Epic has fired back:
The practice described in the blog, better labeled as “segment verification” (indeed, as admitted in the blog, no URLs or URL history is actually collected) provides companies with a way to measure the accuracy of the data that a company purchases from data vendors without compromising consumer privacy. NO data obtained from segment verification is personally identifiable information (PII), nor is that data ever merged with other data points that are, or may be, personally identifiable.
Mayer and his Stanford Security Lab team are building a platform for measuring dynamic web content, which also may serve as an automated enforcement tool for the Do Not Trackuniversal web tracking opt-out app that detects third-party tracking via methods such as cookies and fingerprinting.
Last week the team caused a stir in the behavioral targeting world — testing out this platform, the Stanford researchers identified beacons for 64 of the 75 companies signed up for the Network Advertising Initiative’s self-regulated online behavioral advertising program. After loading content featuring the beacon, the researchers opted out of OBA tracking via the NAI website and reloaded the content. Then they enabled the Do Not Track app and reloaded the content again. The team discovered that half of the NAI companies left their tracking cookies in place while 10 companies deleted their cookies.

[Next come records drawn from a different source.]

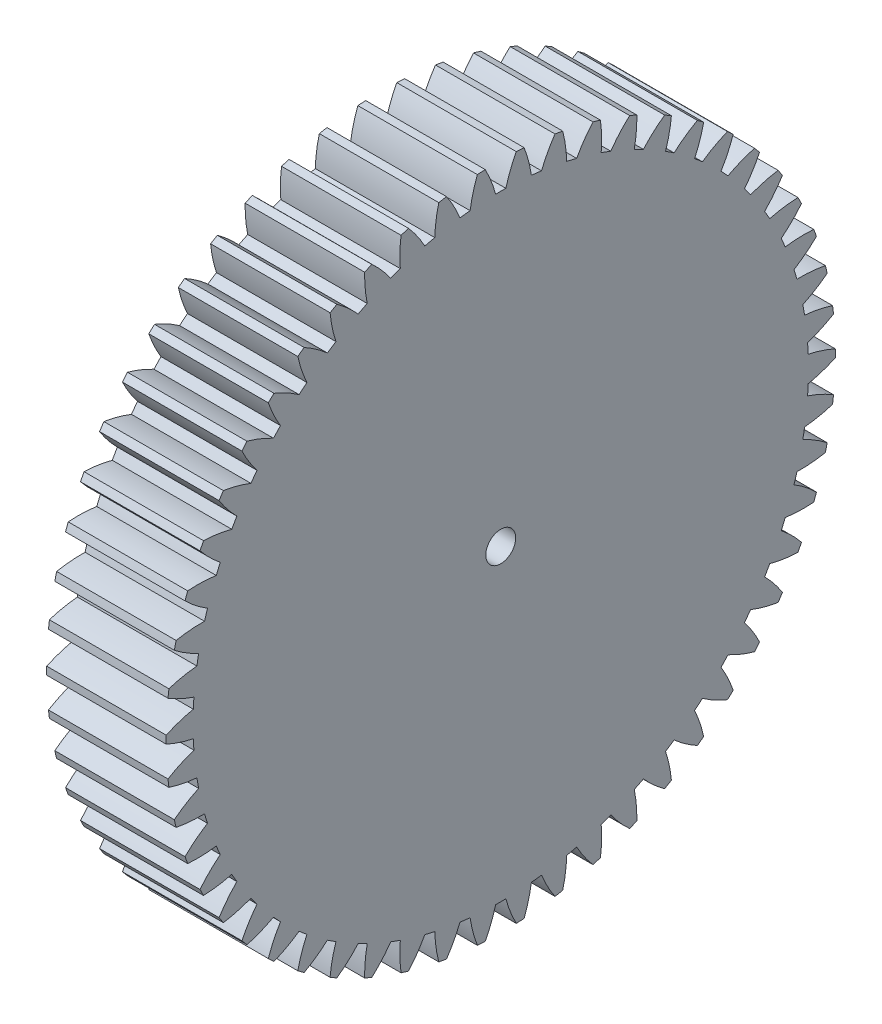
from build123d import *

# Parameters (mm, degrees)
BASPROSKE_W     = 20
BASPROSKE_H     = 56
TOOTHCUT_DEPTH  = 82.682311427
TEETHCUTS_COUNT = 54
TEETHCUTS_ANGLE = 353.333333333
BORSKE_R        = 2.5
BORE_DEPTH      = 50.0000508


with BuildPart() as part:
    # BasProSke → Base-Revolve (revolve)
    with BuildSketch(Plane(origin=(0, 0, 0), x_dir=(1, 0, 0), z_dir=(0, 1, 0)), mode=Mode.PRIVATE) as base_revolve_sk:
        with Locations((10, 28)):
            Rectangle(BASPROSKE_W, BASPROSKE_H)
    revolve(base_revolve_sk.sketch.rotate(Axis((-10, 0, 0), (1, 0, 0)), 180), axis=Axis((-10, 0, 0), (1, 0, 0)))

    # TooCutSke → ToothCut (cut, through all)
    with BuildSketch(Plane(origin=(0, 0, 0), x_dir=(0, 0, -1), z_dir=(1, 0, 0))):
        with BuildLine():
            ThreePointArc((0.853930211, 51.491919795), (0, 51.499), (-0.853930211, 51.491919795))
            ThreePointArc((-0.853930211, 51.491919795), (-1.60941272, 53.777264131), (-2.614474643, 55.964363371))
            ThreePointArc((-2.614474643, 55.964363371), (0, 56.0254), (2.614474643, 55.964363371))
            ThreePointArc((2.614474643, 55.964363371), (1.60941272, 53.777264131), (0.853930211, 51.491919795))
        make_face()
    toothcut = extrude(amount=TOOTHCUT_DEPTH, mode=Mode.SUBTRACT)

    # TeethCuts: ToothCut ×54 about axis
    teethcuts_axis = Axis((-10, 0, 0), (1, 0, 0))
    for i in range(1, TEETHCUTS_COUNT):
        add(toothcut.rotate(teethcuts_axis, i * TEETHCUTS_ANGLE / (TEETHCUTS_COUNT - 1)), mode=Mode.SUBTRACT)

    # BorSke → Bore (cut, symmetric)
    with BuildSketch(Plane(origin=(0, 0, 0), x_dir=(0, 0, -1), z_dir=(1, 0, 0))):
        with Locations(Location((0, 0, 0), (0, 0, 180))):
            Circle(BORSKE_R)
    extrude(amount=BORE_DEPTH, both=True, mode=Mode.SUBTRACT)


solid = part.part

But the industry responded that Mayer and his crew were seriously missing the nuance of the situation — not all tracking cookies are for behavioral targeting. Networks like Vibrant Media and Undertone argued that their practices were in line with NAI guidelines, which allow cookies to remain for collection of non-OBA data used in frequency capping and other practices unrelated to behavioral targeting.
NAI Executive Director Chuck Curran echoed these claims and while arguing that the Stanford study was unfairly blurring the lines between industry self-regulatory behavioral targeting initiatives and across-the-board tracking roadblocks:
[It’s] important to draw a fair distinction between existing industry self regulatory commitments to limit ad targeting based on user interests, and the views of proponents of newly emerging “Do Not Track” technologies who argue that advertising companies should be stopped from collecting any data. We’ve been following with interest the recent introduction by browser manufacturers of “Do Not Track” features that promise in various degrees to limit browser data collection. A robust debate is going on about how these browser features might be integrated with the existing industry self-regulatory programs, but for now there is no universally agreed upon definition of what “Do Not Track” means.
These two incidents certainly suggest that Do Not Track initiatives and industry self-regulatory efforts are at loggerheads, and an already muddy issue is getting increasingly messier. Consider in addition that people have recently noticedthat websites are under no obligation to respect Firefox’s Do Not Track feature — it’s not really in publishers’ interest regarding their own data collection.
Is a compromise between DNT and industry opt-out realistic? Or should we start taking bets on which side will win? I.e., better sweet-talk government regulators and legislators.